Preheat the oven to 350F. In a heavy bottom saucepan, cook the fruit and brown sugar until hot and bubbly. Pour fruit into a greased casserole dish (I use a deep dish Corningware French White lasagna casserole, about 3″-4″ deep so it won’t bubble out when baking). If you want to add nuts, sprinkle them liberally over the top of the fruit.

Open the butter cake mix and pour over the top of the fruit. Don’t mix up the mix, use the mix in its dry form straight from the box. Melt the butter in a glass measuring cup and pour over the top of the cake mix, covering as much of the surface with the butter as possible.

Bake for 30-40 minutes, until bubbly and golden brown.

If you really want a rich version of this recipe, use 3 sticks of butter instead of 2. It’s delicious, but will surely clog your arteries. We’d call the 3 stick version the Paula Dean Redneck Cobbler!

 

Italian Chocolate Spice Cookies

These cookies are my favorite! I don’t have a “recently prepared” photo to show them off but I found this stock photo that’s pretty close to the finished cookie. These cookies almost remind me of gingerbread but they are better. As soon as I make a batch, I’ll post a better picture.
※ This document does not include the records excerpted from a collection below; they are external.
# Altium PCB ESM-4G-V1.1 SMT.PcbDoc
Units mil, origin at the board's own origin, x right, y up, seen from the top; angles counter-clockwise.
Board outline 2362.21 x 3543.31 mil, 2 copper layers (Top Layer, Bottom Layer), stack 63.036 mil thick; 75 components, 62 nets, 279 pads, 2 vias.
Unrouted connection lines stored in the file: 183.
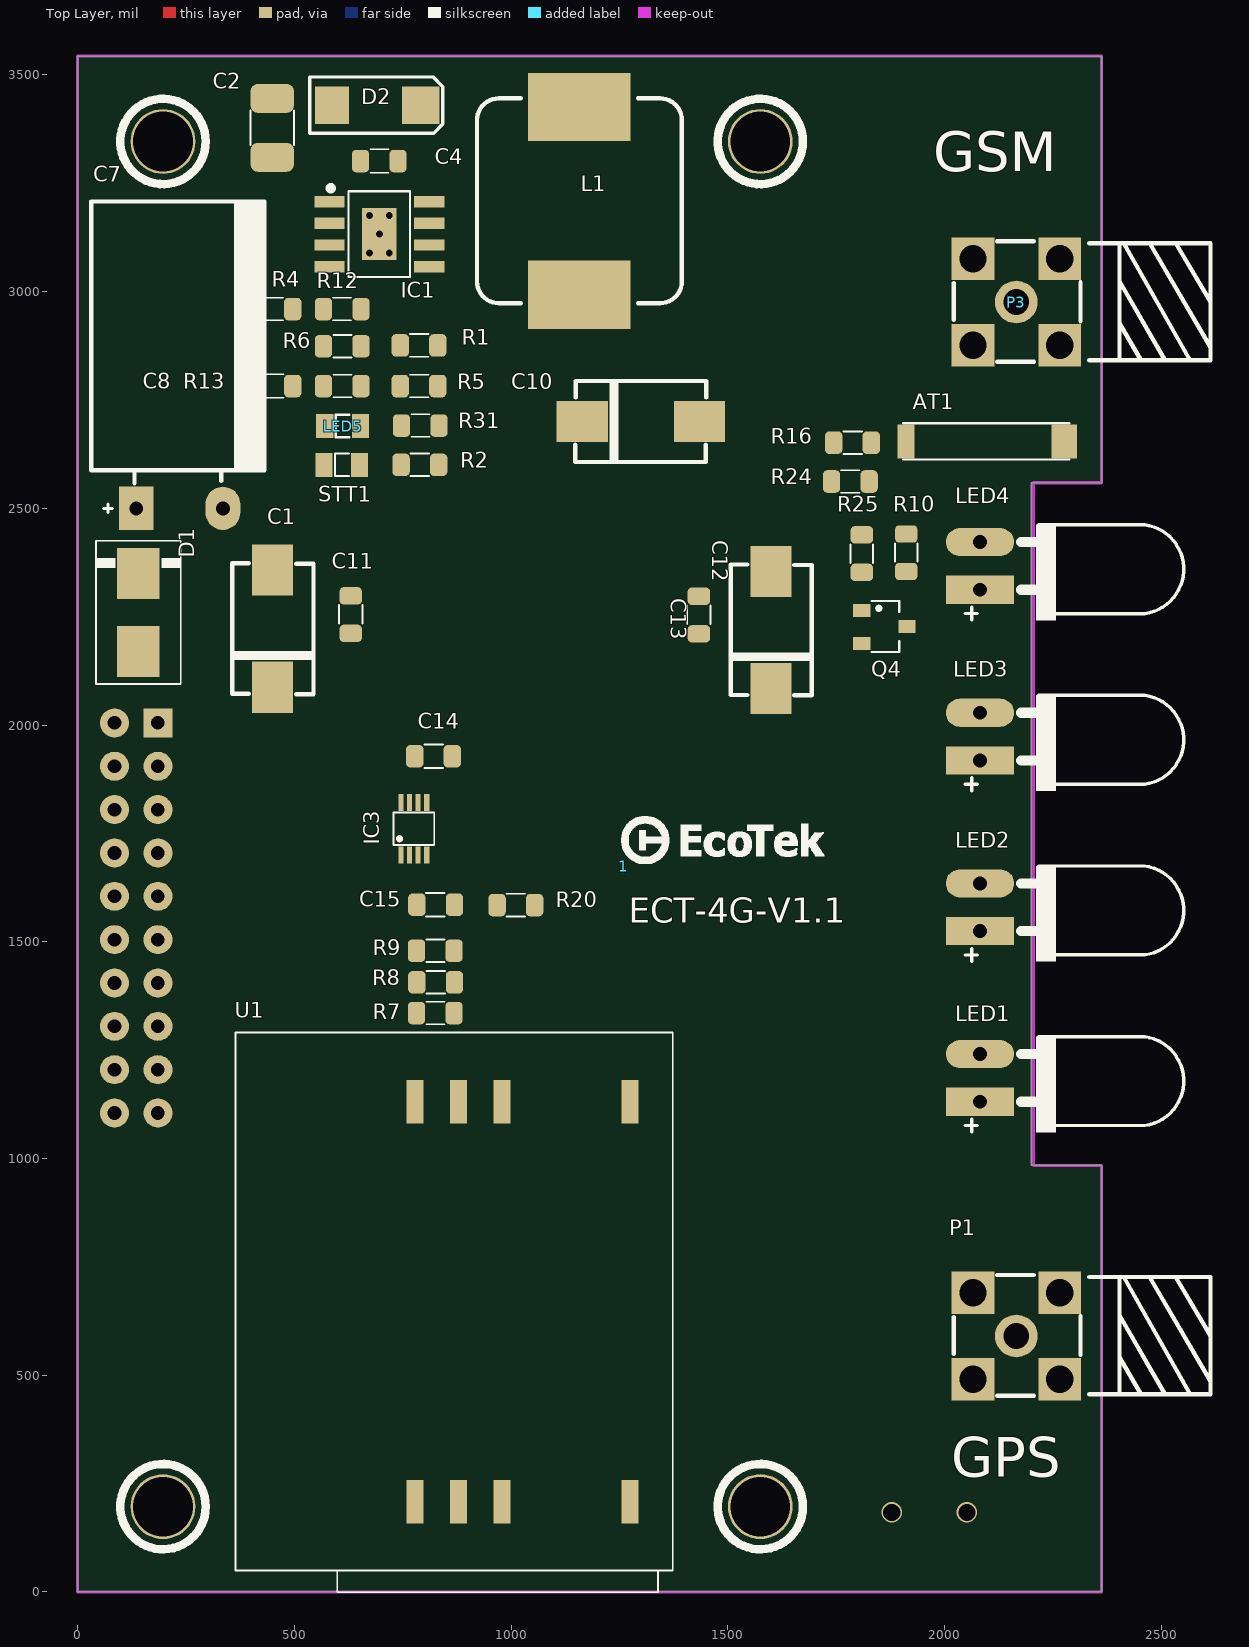
[diagram p0: Top Layer view]
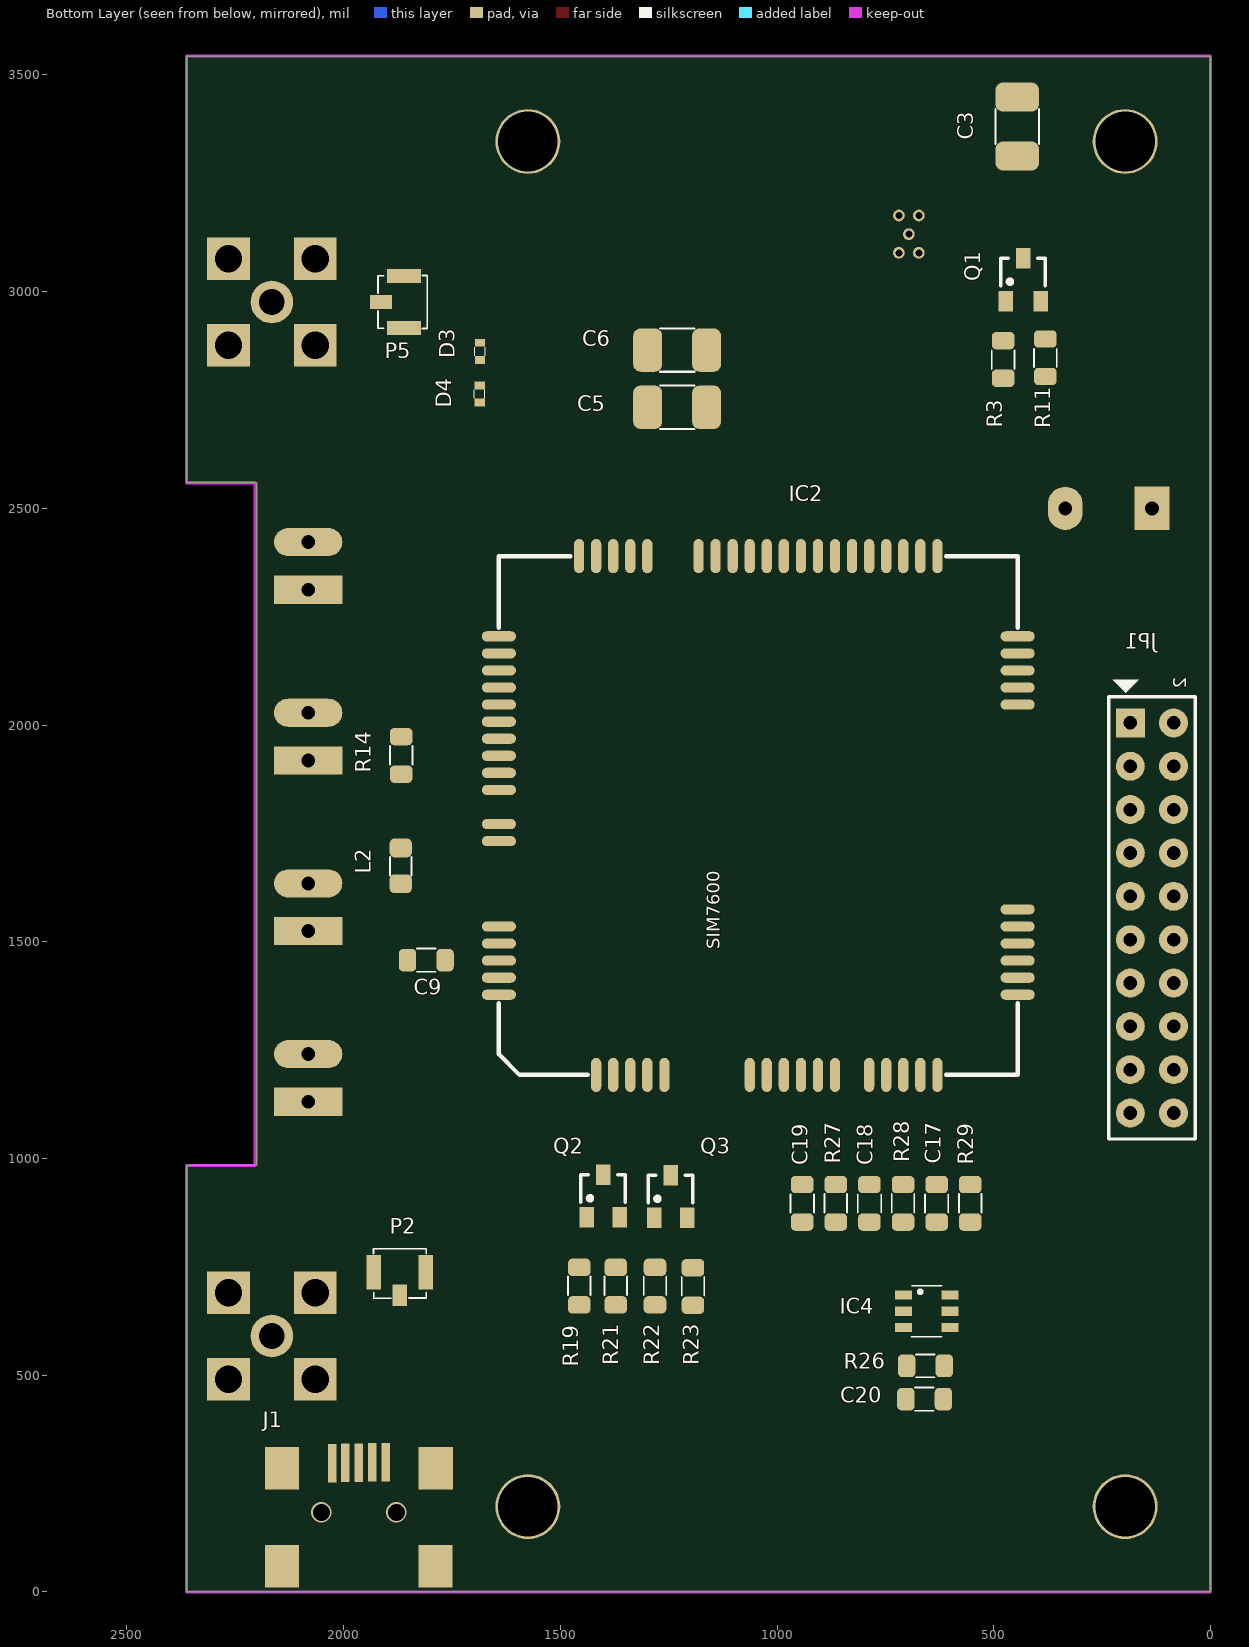
[diagram p1: Bottom Layer view, seen from below]

## Layer stack, top to bottom
Top Solder: solder mask 0.4, Solder Resist, Dk 3.5
Top Layer: signal copper 1.4
Dielectric 1: core 60.2362, FR-4, Dk 4
Bottom Layer: signal copper 1.4
Bottom Solder: solder mask 0.4, Solder Resist, Dk 3.5

## Board outline
0,0 0,3543.31 2362.2,3543.31 2362.2,2559.06 2200,2559.06 2200,984.25 2362.2,984.25 2362.2,0

## Design rules (kind name [scope] priority, off if disabled: settings)
Clearance Clearance_1 [OnLayer('Keep-Out Layer')] p1: gap=5.98 ignorepadtopadclearanceinfootprint=FALSE except(0: Arc-Hole Track-Hole SMDPad-Hole THPad-Hole Via-Hole Fill-Hole Poly-Hole Region-Hole Text-Hole)
Clearance Clearance_ATN [InNet('NetC9_1') or InNet('NetP1_1')] p2: gap=5.98 ignorepadtopadclearanceinfootprint=FALSE except(0: Arc-Hole Track-Hole SMDPad-Hole THPad-Hole Via-Hole Fill-Hole Poly-Hole Region-Hole Text-Hole)
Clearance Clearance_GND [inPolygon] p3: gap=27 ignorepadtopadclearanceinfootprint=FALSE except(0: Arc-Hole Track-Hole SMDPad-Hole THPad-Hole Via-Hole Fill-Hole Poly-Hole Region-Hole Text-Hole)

This recipe was written in my great grandmother’s (Fortunata Vizzina Schilleci) hand.

  • 2 pounds all purpose flour (4 cups)
  • 1 pound of sugar (2 cups)
  • 1 tbsp baking powder
  • 1/4 tsp each, cinnamon, nutmeg, ground cloves, allspice
  • 6 tbsp cocoa powder
  • 3/4 pound Shortening (1 1/2 cups + 3 tbsp)
  • 1 pint milk, heated
  • 1 cup raisins (no color specified)
  • 1 cup chopped pecans
  • 1 pound powdered sugar
  • juice from 2 fresh squeezed oranges

Melt the shortening; add the warm milk, then the sugar. Sift all remaining dry ingredients together and then add the pecans and raisins. Add the liquid mixture to the dry ingredients and stir well. Let dough rest for 10 minutes. Pinch off in a small ball the size of large marbles, place on a greased cookie sheet and bake at 350F for 10-12 minutes. Transfer to a wire rack to cool.

Combine the powdered sugar and orange juice in a bowl. Once cookies have cooled, dip each cookie into the sugar glaze so that it covers the top 1/2 of the cookie. Let cookies dry completely. Icing will set like glaze on a cooled doughnut.

Makes 60-75 cookies.

Cream Cheese Christmas Cookies

This has to be one of the easiest Christmas cookie recipes ever! They are delicious though, which makes it that much better that they are so easy to make.

  • 1 cup butter, softened
  • 1 3oz package of cream cheese, softened
  • 1 cup sugar
  • 1 egg yolk
  • 2 1/2 cups all purpose flour
  • 1 tsp real vanilla extract
  • Candied cherries or toasted pecan halves for garnish
  • Dusting of powdered sugar (optional)

Cream the butter and cream cheese; slowly add the sugar, beating until fluffy. Beat in the egg yolk. Add the flour and vanilla, mixing well with a large spoon. Chill the dough for at least 1 hour in the refrigerator.

Preheat the oven to 325F. Shape the dough into 1″ balls with your hands, and place on a lightly greased cookie sheet. Gently press a candied cherry half (red or green, or mix them up) or a toasted pecan half into the top of each cookie. Bake for 12-15 minutes. Cookie won’t take on much color on top, but will be golden brown on the bottom. Transfer to a cooling rack to cool completely. If desired, sprinkle cookies with powdered sugar.